I thought for some time and it seems that if you need a simple agent that starts and then only calls receive(from(board_).handle_all()...) and occupies the worker thread it's bound to then it can be done without an additional message and separate run method:

class consumer final : public so_5::agent_t {
    const so_5::mchain_t board_;
    const std::string name_;

public:
    consumer(context_t ctx, so_5::mchain_t board, std::string name)
        : so_5::agent_t{ std::move(ctx) }
        , board_{ std::move(board) }
        , name_{ std::move(name) }
    {}

    void so_evt_start() override
    {
        so_5::receive(from(board_).handle_all(), [this](const acquired_value& r) {
            if (name_ == "first")
            {
                // simulate some delay on first worker
                std::this_thread::sleep_for(150ms);
            }
            std::cout << std::this_thread::get_id() << " " << name_ << ": " << r.value_ << std::endl;
        });
    }
};

The so_evt_start is the first method of an agent called on the working context after successful registration of that agent. And if there are no more agents on this context then you can do anything just in so_evt_start.

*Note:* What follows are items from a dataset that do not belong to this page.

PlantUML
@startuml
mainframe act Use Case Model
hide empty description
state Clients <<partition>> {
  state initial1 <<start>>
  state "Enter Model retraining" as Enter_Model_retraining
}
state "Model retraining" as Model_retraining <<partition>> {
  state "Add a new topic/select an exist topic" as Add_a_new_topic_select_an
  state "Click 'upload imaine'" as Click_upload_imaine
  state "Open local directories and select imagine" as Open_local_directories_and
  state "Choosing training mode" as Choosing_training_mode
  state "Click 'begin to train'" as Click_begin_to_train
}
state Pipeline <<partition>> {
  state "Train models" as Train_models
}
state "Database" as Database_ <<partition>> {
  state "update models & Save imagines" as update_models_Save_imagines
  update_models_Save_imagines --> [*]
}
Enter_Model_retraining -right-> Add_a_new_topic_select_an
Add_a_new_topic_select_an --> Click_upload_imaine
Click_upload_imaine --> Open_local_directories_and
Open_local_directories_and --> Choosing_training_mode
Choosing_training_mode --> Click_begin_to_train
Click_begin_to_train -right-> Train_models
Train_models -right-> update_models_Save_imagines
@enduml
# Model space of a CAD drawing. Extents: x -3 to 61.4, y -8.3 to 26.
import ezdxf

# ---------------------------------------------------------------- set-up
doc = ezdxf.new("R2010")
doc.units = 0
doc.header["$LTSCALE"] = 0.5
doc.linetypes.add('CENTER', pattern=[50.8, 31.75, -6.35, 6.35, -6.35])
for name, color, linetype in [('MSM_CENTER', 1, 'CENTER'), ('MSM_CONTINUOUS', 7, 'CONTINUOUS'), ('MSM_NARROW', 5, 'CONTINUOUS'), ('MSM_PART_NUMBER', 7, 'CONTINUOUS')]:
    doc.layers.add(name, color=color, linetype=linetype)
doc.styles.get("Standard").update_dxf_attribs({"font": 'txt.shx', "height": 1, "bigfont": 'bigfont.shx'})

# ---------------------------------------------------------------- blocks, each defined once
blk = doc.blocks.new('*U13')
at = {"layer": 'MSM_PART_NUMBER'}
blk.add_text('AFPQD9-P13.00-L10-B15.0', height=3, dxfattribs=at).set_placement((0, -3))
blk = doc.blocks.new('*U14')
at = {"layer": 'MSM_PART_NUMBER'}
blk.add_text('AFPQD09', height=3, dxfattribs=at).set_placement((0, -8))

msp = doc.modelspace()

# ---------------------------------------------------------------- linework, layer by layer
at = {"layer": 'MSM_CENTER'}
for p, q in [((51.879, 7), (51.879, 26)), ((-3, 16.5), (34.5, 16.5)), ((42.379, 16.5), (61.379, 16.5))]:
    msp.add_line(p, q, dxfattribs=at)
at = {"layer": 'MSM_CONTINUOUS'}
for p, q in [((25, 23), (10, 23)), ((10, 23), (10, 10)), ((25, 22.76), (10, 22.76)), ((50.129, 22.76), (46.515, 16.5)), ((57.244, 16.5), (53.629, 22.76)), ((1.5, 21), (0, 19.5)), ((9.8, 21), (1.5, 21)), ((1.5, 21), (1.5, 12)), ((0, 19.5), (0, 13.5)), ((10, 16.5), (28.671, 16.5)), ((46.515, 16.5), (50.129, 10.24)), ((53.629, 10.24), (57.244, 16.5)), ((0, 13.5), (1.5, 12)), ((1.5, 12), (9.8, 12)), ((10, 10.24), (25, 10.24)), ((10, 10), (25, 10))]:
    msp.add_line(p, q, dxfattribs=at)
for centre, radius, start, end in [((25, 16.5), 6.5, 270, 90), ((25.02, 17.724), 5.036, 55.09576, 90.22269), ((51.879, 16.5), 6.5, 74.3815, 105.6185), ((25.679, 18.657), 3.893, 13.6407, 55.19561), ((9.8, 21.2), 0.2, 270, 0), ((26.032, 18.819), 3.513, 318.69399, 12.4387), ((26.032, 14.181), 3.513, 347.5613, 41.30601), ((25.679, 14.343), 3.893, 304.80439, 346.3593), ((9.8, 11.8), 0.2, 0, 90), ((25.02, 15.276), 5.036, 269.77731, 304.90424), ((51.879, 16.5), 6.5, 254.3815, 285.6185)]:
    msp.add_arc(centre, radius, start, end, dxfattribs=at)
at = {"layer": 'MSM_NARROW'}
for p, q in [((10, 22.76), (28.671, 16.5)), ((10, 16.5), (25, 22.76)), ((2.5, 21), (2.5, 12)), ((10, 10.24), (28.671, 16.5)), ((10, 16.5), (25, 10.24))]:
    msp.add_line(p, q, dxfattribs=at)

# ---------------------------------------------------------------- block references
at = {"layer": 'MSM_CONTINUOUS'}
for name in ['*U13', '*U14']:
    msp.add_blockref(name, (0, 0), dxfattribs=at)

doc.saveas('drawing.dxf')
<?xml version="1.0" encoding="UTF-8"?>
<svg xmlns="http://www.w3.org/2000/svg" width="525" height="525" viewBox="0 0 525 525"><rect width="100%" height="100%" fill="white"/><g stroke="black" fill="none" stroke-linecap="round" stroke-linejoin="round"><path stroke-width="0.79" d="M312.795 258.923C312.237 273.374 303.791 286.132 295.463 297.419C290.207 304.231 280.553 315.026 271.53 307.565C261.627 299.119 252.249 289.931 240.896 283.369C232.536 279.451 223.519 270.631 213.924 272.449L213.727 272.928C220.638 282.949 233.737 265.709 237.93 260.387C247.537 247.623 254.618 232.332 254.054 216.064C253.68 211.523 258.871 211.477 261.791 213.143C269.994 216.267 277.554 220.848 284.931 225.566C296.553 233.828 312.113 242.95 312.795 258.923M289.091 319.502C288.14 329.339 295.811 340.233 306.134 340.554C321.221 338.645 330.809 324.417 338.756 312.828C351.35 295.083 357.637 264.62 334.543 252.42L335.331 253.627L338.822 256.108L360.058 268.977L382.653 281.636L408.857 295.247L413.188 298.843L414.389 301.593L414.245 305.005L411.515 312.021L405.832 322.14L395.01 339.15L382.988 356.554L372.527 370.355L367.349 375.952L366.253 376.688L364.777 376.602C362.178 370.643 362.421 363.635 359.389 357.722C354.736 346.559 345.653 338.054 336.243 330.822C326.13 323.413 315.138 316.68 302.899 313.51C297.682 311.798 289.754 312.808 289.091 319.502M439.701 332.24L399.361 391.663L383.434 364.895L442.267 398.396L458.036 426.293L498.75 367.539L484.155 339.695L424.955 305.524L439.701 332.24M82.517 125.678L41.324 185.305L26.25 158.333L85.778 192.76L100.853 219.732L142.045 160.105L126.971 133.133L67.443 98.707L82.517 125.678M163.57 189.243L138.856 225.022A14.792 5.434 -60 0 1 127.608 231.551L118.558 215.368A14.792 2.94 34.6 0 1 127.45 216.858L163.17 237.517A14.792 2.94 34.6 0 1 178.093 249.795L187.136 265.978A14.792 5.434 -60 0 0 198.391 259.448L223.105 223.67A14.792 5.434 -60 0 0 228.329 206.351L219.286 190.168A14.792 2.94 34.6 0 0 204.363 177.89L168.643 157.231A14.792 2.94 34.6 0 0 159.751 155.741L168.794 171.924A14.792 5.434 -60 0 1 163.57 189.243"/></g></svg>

We are open to proposals and I think having a talk about SObjectizer would be amazing!

Thanks for that opportunity. We'll discuss it inside our team and fill a proposal the next week.

Marco Arena · Answer 14 · Sun Jan 24 2021 19:54:45 GMT+0800 (China Standard Time)

Many thanks @eao197 , I'll give it a try!

Thanks for that opportunity. We'll discuss it inside our team and fill a proposal the next week.

Wow! That's awesome. Looking forward to it!

Marco Arena · Answer 15 · Tue Feb 09 2021 16:02:06 GMT+0800 (China Standard Time)

Hi again! I have another question but I open a new issue and close this one.
Many thanks for your help here, everything works smoothly!